Question

A 0.5781 g sample of a pure soluble bromide compound is dissolved in water, and all of the bromide ion is precipitated as AgBr by the addition of an excess of silver nitrate. The mass of the resulting AgBr is found to be 1.1166 g.
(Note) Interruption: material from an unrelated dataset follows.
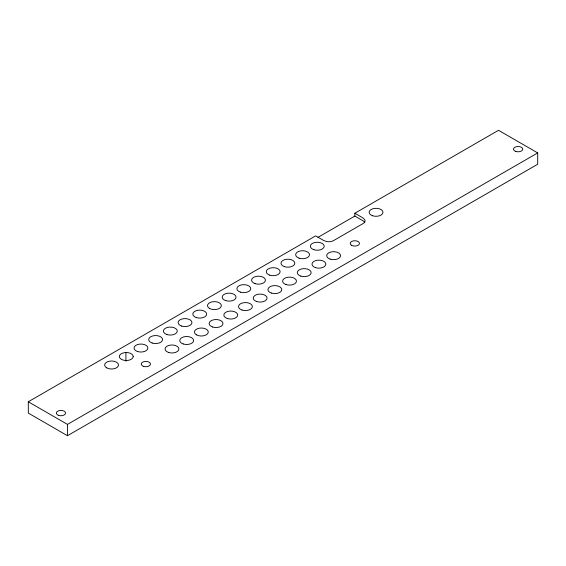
<?xml version="1.0" encoding="UTF-8"?>
<svg xmlns="http://www.w3.org/2000/svg" width="566" height="566" viewBox="0 0 566 566"><rect width="100%" height="100%" fill="white"/><g stroke="black" fill="none" stroke-linecap="round" stroke-linejoin="round"><path stroke-width="0.85" d="M354.84 213.248L498.519 130.293L537.7 152.919L537.7 164.232L67.481 435.707L28.3 413.081L28.3 401.768L315.651 235.866L323.816 240.578L326.922 241.618A6.926 3.997 0 0 0 333.615 240.578L363.004 223.612A6.926 3.997 0 0 0 364.794 219.75L363.004 217.96L354.84 213.248L354.84 216.07L317.915 237.395M28.3 401.768L67.481 424.394L537.7 152.919M354.84 216.07L363.004 220.79A6.926 3.997 0 0 1 364.794 222.58M125.914 352.554L125.914 361.257M67.481 424.394L67.481 435.707M133.187 356.523L132.953 357.556A6.926 3.997 0 0 1 121.365 359.353A6.926 3.997 0 0 1 124.47 352.66L126.26 352.526A6.926 3.997 0 0 1 133.187 356.523M299.131 258.188A6.926 3.997 0 0 0 309.517 254.721A6.926 3.997 0 0 0 299.131 251.254A6.926 3.997 0 0 0 299.131 258.188M58.645 415.394A4.62 2.667 0 0 0 65.571 413.081A4.62 2.667 0 0 0 58.645 410.775A4.62 2.667 0 0 0 58.645 415.394M168.512 352.448A6.926 3.997 0 0 0 178.906 348.981A6.926 3.997 0 0 0 168.512 345.522A6.926 3.997 0 0 0 168.512 352.448M106.67 367.836A6.926 3.997 0 0 0 118.259 366.046A6.926 3.997 0 0 0 109.776 361.143A6.926 3.997 0 0 0 106.67 367.836M196.268 317.568A6.926 3.997 0 0 0 206.661 314.109A6.926 3.997 0 0 0 196.268 310.642A6.926 3.997 0 0 0 196.268 317.568M181.573 326.051A6.926 3.997 0 0 0 191.966 322.592A6.926 3.997 0 0 0 181.573 319.125A6.926 3.997 0 0 0 181.573 326.051M166.878 334.534A6.926 3.997 0 0 0 177.271 331.075A6.926 3.997 0 0 0 166.878 327.608A6.926 3.997 0 0 0 166.878 334.534M152.183 343.024A6.926 3.997 0 0 0 162.576 339.558A6.926 3.997 0 0 0 152.183 336.091A6.926 3.997 0 0 0 152.183 343.024M209.526 308.449A6.926 3.997 0 0 0 221.115 306.659A6.926 3.997 0 0 0 212.632 301.763A6.926 3.997 0 0 0 209.526 308.449M137.496 351.507A6.926 3.997 0 0 0 147.882 348.04A6.926 3.997 0 0 0 137.496 344.581A6.926 3.997 0 0 0 137.496 351.507M225.657 300.603A6.926 3.997 0 0 0 236.05 297.136A6.926 3.997 0 0 0 225.657 293.676A6.926 3.997 0 0 0 225.657 300.603M240.352 292.12A6.926 3.997 0 0 0 250.745 288.653A6.926 3.997 0 0 0 240.352 285.193A6.926 3.997 0 0 0 240.352 292.12M255.047 283.637A6.926 3.997 0 0 0 265.44 280.17A6.926 3.997 0 0 0 255.047 276.71A6.926 3.997 0 0 0 255.047 283.637M269.741 275.154A6.926 3.997 0 0 0 280.128 271.687A6.926 3.997 0 0 0 269.741 268.227A6.926 3.997 0 0 0 269.741 275.154M284.436 266.671A6.926 3.997 0 0 0 294.822 263.204A6.926 3.997 0 0 0 284.436 259.744A6.926 3.997 0 0 0 284.436 266.671M372.598 215.766A6.926 3.997 0 0 0 382.991 212.3A6.926 3.997 0 0 0 372.598 208.84A6.926 3.997 0 0 0 372.598 215.766M313.826 249.698A6.926 3.997 0 0 0 324.212 246.238A6.926 3.997 0 0 0 313.826 242.772A6.926 3.997 0 0 0 313.826 249.698M143.545 366.372A4.62 2.667 0 0 0 150.471 364.065A4.62 2.667 0 0 0 143.545 361.759A4.62 2.667 0 0 0 143.545 366.372M183.207 343.965A6.926 3.997 0 0 0 193.6 340.499A6.926 3.997 0 0 0 183.207 337.039A6.926 3.997 0 0 0 183.207 343.965M196.466 334.846A6.926 3.997 0 0 0 208.055 333.049A6.926 3.997 0 0 0 199.572 328.153A6.926 3.997 0 0 0 196.466 334.846M212.597 326.999A6.926 3.997 0 0 0 222.99 323.533A6.926 3.997 0 0 0 212.597 320.066A6.926 3.997 0 0 0 212.597 326.999M227.291 318.509A6.926 3.997 0 0 0 237.678 315.05A6.926 3.997 0 0 0 227.291 311.583A6.926 3.997 0 0 0 227.291 318.509M241.986 310.026A6.926 3.997 0 0 0 252.372 306.567A6.926 3.997 0 0 0 241.986 303.1A6.926 3.997 0 0 0 241.986 310.026M256.681 301.544A6.926 3.997 0 0 0 267.067 298.084A6.926 3.997 0 0 0 256.681 294.617A6.926 3.997 0 0 0 256.681 301.544M271.376 293.061A6.926 3.997 0 0 0 281.762 289.601A6.926 3.997 0 0 0 271.376 286.134A6.926 3.997 0 0 0 271.376 293.061M286.071 284.578A6.926 3.997 0 0 0 296.457 281.118A6.926 3.997 0 0 0 286.071 277.651A6.926 3.997 0 0 0 286.071 284.578M300.758 276.095A6.926 3.997 0 0 0 311.151 272.628A6.926 3.997 0 0 0 300.758 269.168A6.926 3.997 0 0 0 300.758 276.095M315.453 267.612A6.926 3.997 0 0 0 325.846 264.145A6.926 3.997 0 0 0 315.453 260.685A6.926 3.997 0 0 0 315.453 267.612M330.148 259.129A6.926 3.997 0 0 0 340.541 255.662A6.926 3.997 0 0 0 330.148 252.203A6.926 3.997 0 0 0 330.148 259.129M351.571 245.297A4.62 2.667 0 0 0 359.297 244.102A4.62 2.667 0 0 0 353.644 240.833A4.62 2.667 0 0 0 351.571 245.297M515.796 151.455A4.62 2.667 0 0 0 522.722 149.148A4.62 2.667 0 0 0 515.796 146.835A4.62 2.667 0 0 0 515.796 151.455"/></g></svg>

What is the mass percentage of bromine in the original compound? %

Answer 1

82.18% is the mass percentage of bromine in the original compound.

Step-by-step explanation:

Mass of AgBr = 1.1166 g

Moles of AgBr =
`(1.1166 g)/(187.77 g/mol)=0.0059466 mol`

`AgNO_3(aq)+Br^-(aq)\rightarrow AgBr(s)+NO_3^(-) (aq)`

According to reaction, 1 mole of AgBr is obtained from 1 mole of bromide ions , then 0.0059466 moles of AgBr will be formed from :

`(1)/(1)* 0.0059466 mol=0.0059466 mol` of bromide ions

Mass of 0.005939 moles of bromide ions :

0.0059466 mol × 79.90 g/mol = 0.4751 g

Mass of the sample = 0.5781 g

Mass percentage of bromine in sample :

`=(0.4751 g)/(0.5781 g)* 100=82.18\%`

82.18% is the mass percentage of bromine in the original compound.